**What this task involves:** Omitting the pictures, output all of the records precisely as written.

(Data extracted from a collection)
◆ ◆ ◆ ◆
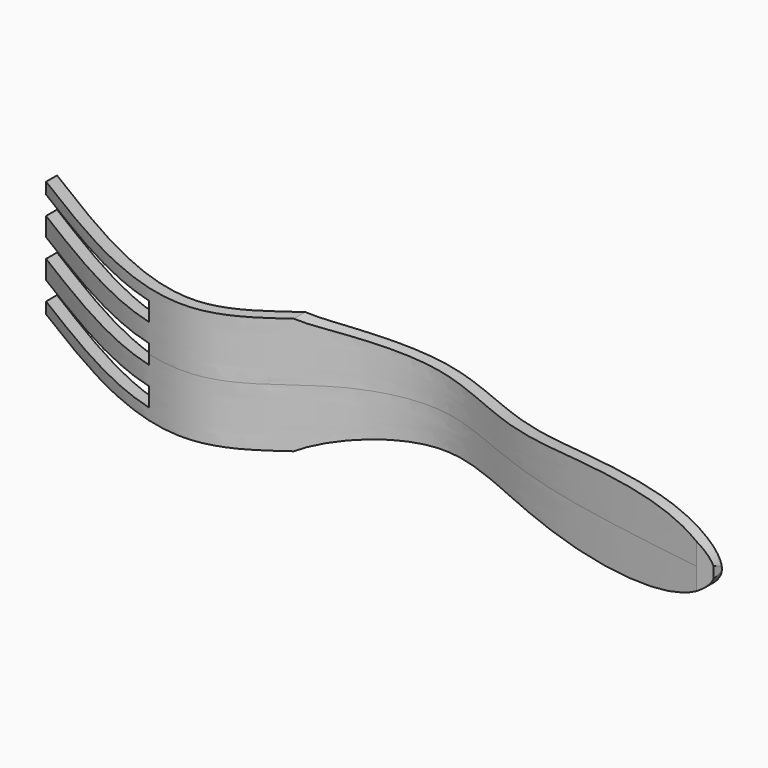
from build123d import *

# Parameters (mm, degrees)
F1_DEPTH = 12.7
F3_DEPTH = 25.4


# Not quite as in the source:
# - the dataset's text gives a spline's control points without its knots; the knots are read off the source's solid


with BuildPart() as f1:
    # F0 (on Top) → F1 (new body, symmetric)
    with BuildSketch(Plane.XY):
        with BuildLine():
            add(Edge.make_bspline(
                [(0, 0), (16.2681023426, -9.9387943725), (47.2246723498, -29.7831151482), (66.4369579208, -8.871840766), (90.9937113299, -1.8855664984), (116.1887648178, -16.7799469051), (146.2514664221, -20.7702417622), (163.4278756793, -23.4379916155)],
                knots=[0, 0, 0, 0, 0.2483058837, 0.4138785293, 0.5787286939, 0.7596256652, 1, 1, 1, 1], degree=3))
            Line((0, 0), (-1.3242090893, -2.1675032383))
            add(Edge.make_bspline(
                [(-1.3242090893, -2.1675032383), (2.7614631736, -4.6635937864), (9.136853643, -8.6121295805), (17.7262559137, -13.5899705503), (24.1194299019, -17.0078501308), (30.3765559587, -19.9378210176), (35.4147953662, -21.8277076646), (39.3127764924, -22.9151398196), (42.1656931351, -23.4919098932), (44.48213371, -23.7484534526), (46.2950869864, -23.8013359281), (47.6370394902, -23.7589266462), (48.9432550214, -23.6315977539), (50.6317203365, -23.3574905101), (52.6439135321, -22.8337162857), (54.9048810043, -21.9693426121), (57.7345292676, -20.5748674665), (60.9787182767, -18.5076431259), (63.9993416883, -16.3025670539), (66.3702951088, -14.6082956793), (68.14443987, -13.4065394694), (69.9302902852, -12.3121458679), (71.7789273461, -11.3143300486), (73.6737866655, -10.4200995816), (76.2525294434, -9.3737862154), (79.5499837318, -8.3545440034), (82.8865105773, -7.7567624188), (85.5439589903, -7.550857003), (87.5242249392, -7.5371713536), (89.4792915182, -7.667939484), (92.0667291299, -8.0436611912), (95.3527769387, -8.8658101088), (99.4476605789, -10.3024836387), (103.7644660516, -12.0561632537), (108.3706613255, -13.9763624934), (112.5069019539, -15.5824689852), (116.0392041879, -16.7871700333), (119.6906211821, -17.9104201543), (124.4593658972, -19.1816760405), (130.4643020599, -20.5322371053), (136.7041743745, -21.7458807941), (143.1310192089, -22.8586278685), (151.8841155603, -24.2548365718), (158.581573288, -25.2557425678), (163.0380499938, -25.9478991705)],
                knots=[0, 0, 0, 0, 0.0625, 0.09375, 0.125, 0.15625, 0.1875, 0.203125, 0.21875, 0.234375, 0.2421875, 0.25, 0.2578125, 0.265625, 0.28125, 0.296875, 0.3125, 0.34375, 0.375, 0.390625, 0.40625, 0.421875, 0.4375, 0.453125, 0.46875, 0.5, 0.53125, 0.546875, 0.5625, 0.578125, 0.59375, 0.625, 0.65625, 0.6875, 0.71875, 0.75, 0.765625, 0.78125, 0.8125, 0.84375, 0.875, 0.90625, 0.9375, 1, 1, 1, 1], degree=3))
            Line((163.0380499938, -25.9478991705), (163.4278756793, -23.4379916155))
        make_face()
    extrude(amount=F1_DEPTH, both=True)

    # F2 (on Front) → F3 (intersect)
    with BuildSketch(Plane.XZ):
        with BuildLine():
            Line((38.1, 2.0717850421), (38.1, 0))
            Line((38.1, 0), (38.1, -2.0717850421))
            Line((38.1, -2.0717850421), (0, -2.0717850421))
            Line((0, -2.0717850421), (0, -6.148728542))
            Line((0, -6.148728542), (38.1, -6.148728542))
            Line((38.1, -6.148728542), (38.1, -10.2256704122))
            Line((38.1, -10.2256704122), (0, -10.2256704122))
            Line((0, -10.2256704122), (0, -13.2833784446))
            Line((0, -13.2833784446), (63.5, -13.2833784446))
            add(Edge.make_bspline(
                [(63.5, -13.2833784446), (67.87038923, -9.7329119382), (103.5336972585, -4.9202314952), (125.3535669841, -8.8979314763), (154.1085600691, -9.4065150403), (163.4278756793, -2.4802493233), (163.4278756793, 0)],
                knots=[0, 0, 0, 0, 0.3081673451, 0.569189549, 0.8347896948, 1, 1, 1, 1], degree=3))
            add(Edge.make_bspline(
                [(63.5, 13.2833784446), (67.87038923, 9.7329119382), (103.5336972585, 4.9202314952), (125.3535669841, 8.8979314763), (154.1085600691, 9.4065150403), (163.4278756793, 2.4802493233), (163.4278756793, 0)],
                knots=[0, 0, 0, 0, 0.3081673451, 0.569189549, 0.8347896948, 1, 1, 1, 1], degree=3))
            Line((63.5, 13.2833784446), (0, 13.2833784446))
            Line((0, 13.2833784446), (0, 10.2256704122))
            Line((0, 10.2256704122), (38.1, 10.2256704122))
            Line((38.1, 10.2256704122), (38.1, 6.148728542))
            Line((38.1, 6.148728542), (0, 6.148728542))
            Line((0, 6.148728542), (0, 2.0717850421))
            Line((0, 2.0717850421), (38.1, 2.0717850421))
        make_face()
    extrude(amount=F3_DEPTH, mode=Mode.INTERSECT)


solid = f1.part
◆ ◆ ◆ ◆
**Solved exercise:**
from build123d import *

# Parameters (mm, degrees)
F1_DEPTH = 12.7
F3_DEPTH = 25.4


# Not quite as in the source:
# - the dataset's text gives a spline's control points without its knots; the knots are read off the source's solid


with BuildPart() as f1:
    # F0 (on Top) → F1 (new body, symmetric)
    with BuildSketch(Plane.XY):
        with BuildLine():
            add(Edge.make_bspline(
                [(0, 0), (16.2681023426, -9.9387943725), (47.2246723498, -29.7831151482), (66.4369579208, -8.871840766), (90.9937113299, -1.8855664984), (116.1887648178, -16.7799469051), (146.2514664221, -20.7702417622), (163.4278756793, -23.4379916155)],
                knots=[0, 0, 0, 0, 0.2483058837, 0.4138785293, 0.5787286939, 0.7596256652, 1, 1, 1, 1], degree=3))
            Line((0, 0), (-1.3242090893, -2.1675032383))
            add(Edge.make_bspline(
                [(-1.3242090893, -2.1675032383), (2.7614631736, -4.6635937864), (9.136853643, -8.6121295805), (17.7262559137, -13.5899705503), (24.1194299019, -17.0078501308), (30.3765559587, -19.9378210176), (35.4147953662, -21.8277076646), (39.3127764924, -22.9151398196), (42.1656931351, -23.4919098932), (44.48213371, -23.7484534526), (46.2950869864, -23.8013359281), (47.6370394902, -23.7589266462), (48.9432550214, -23.6315977539), (50.6317203365, -23.3574905101), (52.6439135321, -22.8337162857), (54.9048810043, -21.9693426121), (57.7345292676, -20.5748674665), (60.9787182767, -18.5076431259), (63.9993416883, -16.3025670539), (66.3702951088, -14.6082956793), (68.14443987, -13.4065394694), (69.9302902852, -12.3121458679), (71.7789273461, -11.3143300486), (73.6737866655, -10.4200995816), (76.2525294434, -9.3737862154), (79.5499837318, -8.3545440034), (82.8865105773, -7.7567624188), (85.5439589903, -7.550857003), (87.5242249392, -7.5371713536), (89.4792915182, -7.667939484), (92.0667291299, -8.0436611912), (95.3527769387, -8.8658101088), (99.4476605789, -10.3024836387), (103.7644660516, -12.0561632537), (108.3706613255, -13.9763624934), (112.5069019539, -15.5824689852), (116.0392041879, -16.7871700333), (119.6906211821, -17.9104201543), (124.4593658972, -19.1816760405), (130.4643020599, -20.5322371053), (136.7041743745, -21.7458807941), (143.1310192089, -22.8586278685), (151.8841155603, -24.2548365718), (158.581573288, -25.2557425678), (163.0380499938, -25.9478991705)],
                knots=[0, 0, 0, 0, 0.0625, 0.09375, 0.125, 0.15625, 0.1875, 0.203125, 0.21875, 0.234375, 0.2421875, 0.25, 0.2578125, 0.265625, 0.28125, 0.296875, 0.3125, 0.34375, 0.375, 0.390625, 0.40625, 0.421875, 0.4375, 0.453125, 0.46875, 0.5, 0.53125, 0.546875, 0.5625, 0.578125, 0.59375, 0.625, 0.65625, 0.6875, 0.71875, 0.75, 0.765625, 0.78125, 0.8125, 0.84375, 0.875, 0.90625, 0.9375, 1, 1, 1, 1], degree=3))
            Line((163.0380499938, -25.9478991705), (163.4278756793, -23.4379916155))
        make_face()
    extrude(amount=F1_DEPTH, both=True)

    # F2 (on Front) → F3 (intersect)
    with BuildSketch(Plane.XZ):
        with BuildLine():
            Line((38.1, 2.0717850421), (38.1, 0))
            Line((38.1, 0), (38.1, -2.0717850421))
            Line((38.1, -2.0717850421), (0, -2.0717850421))
            Line((0, -2.0717850421), (0, -6.148728542))
            Line((0, -6.148728542), (38.1, -6.148728542))
            Line((38.1, -6.148728542), (38.1, -10.2256704122))
            Line((38.1, -10.2256704122), (0, -10.2256704122))
            Line((0, -10.2256704122), (0, -13.2833784446))
            Line((0, -13.2833784446), (63.5, -13.2833784446))
            add(Edge.make_bspline(
                [(63.5, -13.2833784446), (67.87038923, -9.7329119382), (103.5336972585, -4.9202314952), (125.3535669841, -8.8979314763), (154.1085600691, -9.4065150403), (163.4278756793, -2.4802493233), (163.4278756793, 0)],
                knots=[0, 0, 0, 0, 0.3081673451, 0.569189549, 0.8347896948, 1, 1, 1, 1], degree=3))
            add(Edge.make_bspline(
                [(63.5, 13.2833784446), (67.87038923, 9.7329119382), (103.5336972585, 4.9202314952), (125.3535669841, 8.8979314763), (154.1085600691, 9.4065150403), (163.4278756793, 2.4802493233), (163.4278756793, 0)],
                knots=[0, 0, 0, 0, 0.3081673451, 0.569189549, 0.8347896948, 1, 1, 1, 1], degree=3))
            Line((63.5, 13.2833784446), (0, 13.2833784446))
            Line((0, 13.2833784446), (0, 10.2256704122))
            Line((0, 10.2256704122), (38.1, 10.2256704122))
            Line((38.1, 10.2256704122), (38.1, 6.148728542))
            Line((38.1, 6.148728542), (0, 6.148728542))
            Line((0, 6.148728542), (0, 2.0717850421))
            Line((0, 2.0717850421), (38.1, 2.0717850421))
        make_face()
    extrude(amount=F3_DEPTH, mode=Mode.INTERSECT)


solid = f1.part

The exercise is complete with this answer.